Various methods and compositions for targeted cleavage of genomic DNA have been described. Such targeted cleavage events can be used, for example, to induce targeted mutagenesis, induce targeted deletions of cellular DNA sequences, and facilitate targeted recombination at a predetermined chromosomal locus. See, for example, U.S. Pat. Nos. 8,623,618; 8,034,598; 8,586,526; 6,534,261; 6,599,692; 6,503,717; 6,689,558; 7,067,317; 7,262,054; 7,888,121; 7,972,854; 7,914,796; 7,951,925; 8,110,379; 8,409,861; U.S. Patent Publications 20030232410; 20050208489; 20050026157; 20060063231; 20080159996; 201000218264; 20120017290; 20110265198; 20130137104; 20130122591; 20130177983; 20130177960 and 20150056705, the disclosures of which are incorporated by reference in their entireties for all purposes.
These methods often involve the use of engineered cleavage systems to induce a double strand break (DSB) or a nick in a target DNA sequence such that repair of the break by an error prone process such as non-homologous end joining (NHEJ) or repair using a repair template (homology directed repair or HDR) can result in the knock out of a gene or the insertion of a sequence of interest (targeted integration). Cleavage can occur through the use of specific nucleases such as engineered zinc finger nucleases (ZFN), transcription-activator like effector nucleases (TALENs), or using the CRISPR/Cas system with an engineered crRNA/tracr RNA (‘single guide RNA’) to guide specific cleavage. Clinical trials using cells modified using engineered nucleases have demonstrated therapeutic utility (see, e.g. Tebas et al (2014) New Eng J Med 370(10):901). Targeted cleavage using one of the above mentioned nuclease systems can be exploited to insert a nucleic acid into a specific target location using either HDR or NHEJ-mediated processes.

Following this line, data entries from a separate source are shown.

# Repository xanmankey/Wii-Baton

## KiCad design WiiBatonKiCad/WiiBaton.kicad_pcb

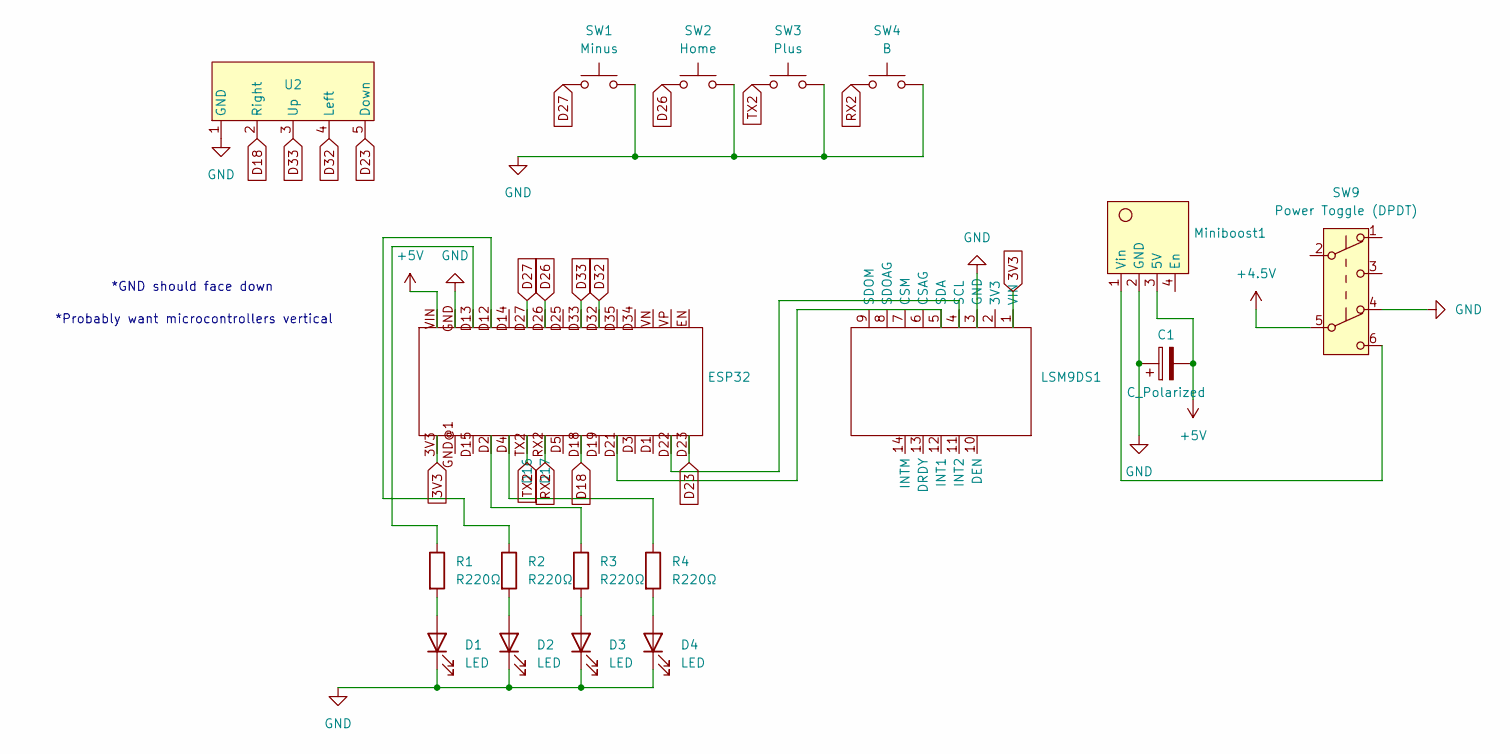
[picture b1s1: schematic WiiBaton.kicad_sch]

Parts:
C1: C_Polarized; C_Radial_D6.3mm_H5.0mm_P2.50mm
D1, D2, D3, D4: LED; LED_D3.0mm
ESP32: ESP32-DEVKITV1
LSM9DS1: LSM9DS1
Miniboost1: Miniboost
R1, R2, R3, R4: R220Ω; R_Axial_DIN0204_L3.6mm_D1.6mm_P2.54mm_Vertical
SW1: Minus; Membrane_Press_Button
SW2: Home; Membrane_Press_Button
SW3: Plus; Membrane_Press_Button
SW4: B; Membrane_Press_Button
SW9: Power Toggle (DPDT); 5.8mmDPDTSwitch
U2: Membrane_DPAD

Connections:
3V3: ESP32.3V3, LSM9DS1.1 (VIN)
+4.5V: SW9.5 (B)
+5V: C1.2, ESP32.VIN, Miniboost1.3 (5V)
D18: ESP32.D18, U2.2 (Right)
D23: ESP32.D23, U2.5 (Down)
D26: ESP32.D26, SW2.1
D27: ESP32.D27, SW1.1
D32: ESP32.D32, U2.4 (Left)
D33: ESP32.D33, U2.3 (Up)
GND: C1.1, D1.1 (K), D2.1 (K), D3.1 (K), D4.1 (K), ESP32.GND, LSM9DS1.3 (GND), Miniboost1.2 (GND), SW1.2, SW2.2, SW3.2, SW4.2, SW9.4 (A), U2.1 (GND)
unnamed: D1.2 (A), R1.2
unnamed: D2.2 (A), R2.2
unnamed: D3.2 (A), R3.2
unnamed: D4.2 (A), R4.2
unnamed: ESP32.D2, R3.1
unnamed: ESP32.D4, R4.1
unnamed: ESP32.D12, R2.1
unnamed: ESP32.D13, R1.1
unnamed: ESP32.D22, LSM9DS1.4 (SCL)
unnamed: ESP32.D21, LSM9DS1.5 (SDA)
unnamed: Miniboost1.1 (Vin), SW9.6 (C)
RX2: ESP32.RX2 (D17), SW4.1
TX2: ESP32.TX2 (D16), SW3.1

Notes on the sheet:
*Probably want microcontrollers vertical
*GND should face down

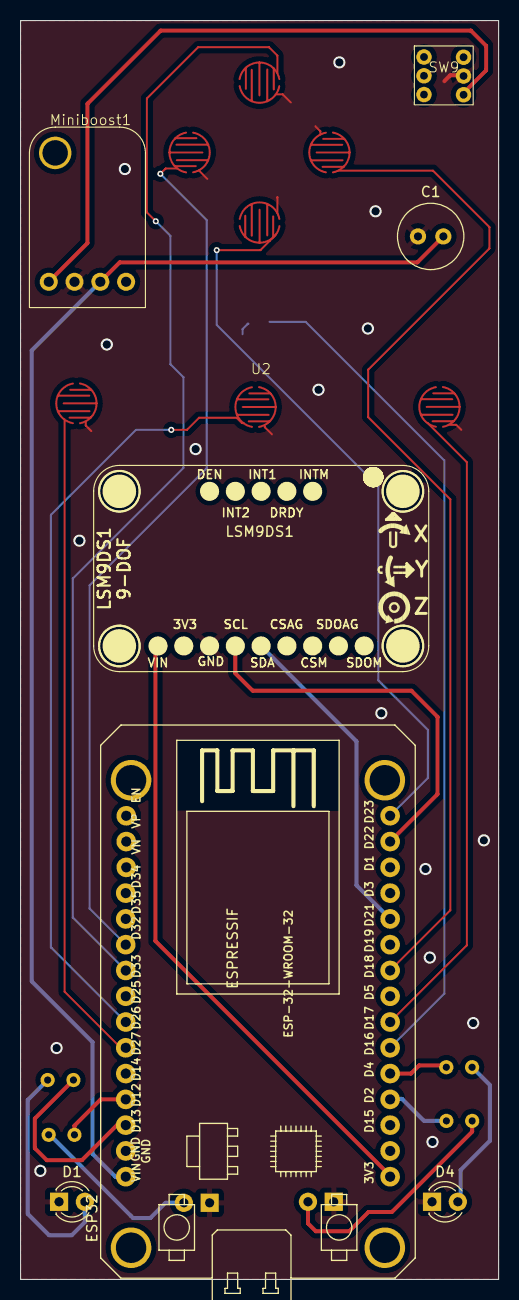
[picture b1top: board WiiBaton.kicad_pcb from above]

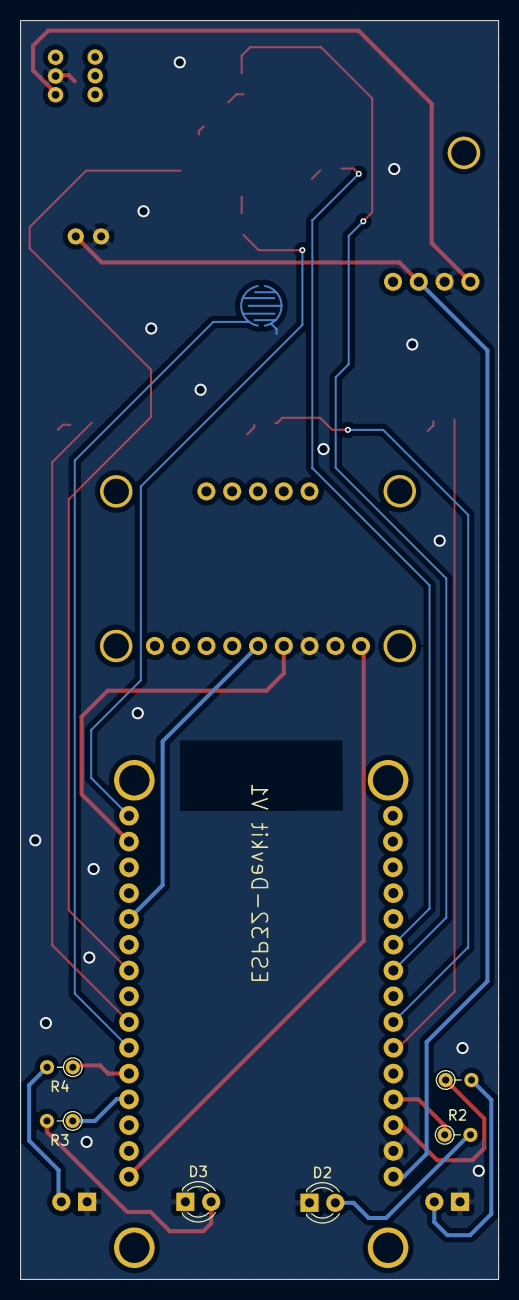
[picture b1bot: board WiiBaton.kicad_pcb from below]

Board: 2 copper layers, 47.1 x 124.0 mm, 18 parts (7 on the bottom side), 22 nets.

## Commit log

2026-02-19 removed venv
2026-02-19 added kicad files
2026-02-19 added profile pics and step files

In particular, transcription activator-like effector (TALE) proteins have gained broad appeal as a platform for targeted DNA recognition due in large measure to their simple, code-like rules for design. See, e.g., U.S. Pat. Nos. 8,586,526; 8,697,853; 8,685,737; 8,586,363; 8,470,973; 8,450,471; 8,440,432; 8,440,431; 8,420,782 and U.S. Patent Publication No. 20130196373. These design rules relate the DNA base specified by a single TALE repeat to the identity of residues at two key positions (repeat variable diresidue residues or “RVD”), and allow for the design for new sequence targets via simple modular shuffling of these units. When bound to DNA, TALE proteins identify base sequences via contacts from a central array of TALE repeat units with each unit specifying one base. Moscou et al. (2009) Science 326:1501 ; Boch et al. (2009) Science 326:1509-1512 (2009); Deng et al. (2012) Science 335:720-723 ; Mak et al. (2012) Science 335:716-719. Repeats exhibit little diversity except at their RVD (positions 12 and 13) that recognizes the targeted base. Critically, the base preference of a TALE repeat is substantially determined by the identity of its resident RVD. Natural TALEs typically employ just four RVD sequences—NI, HD, NG, or NN—to recognize target bases of A, C, T or G/A, respectively, which four RVDs are known as canonical RVDs.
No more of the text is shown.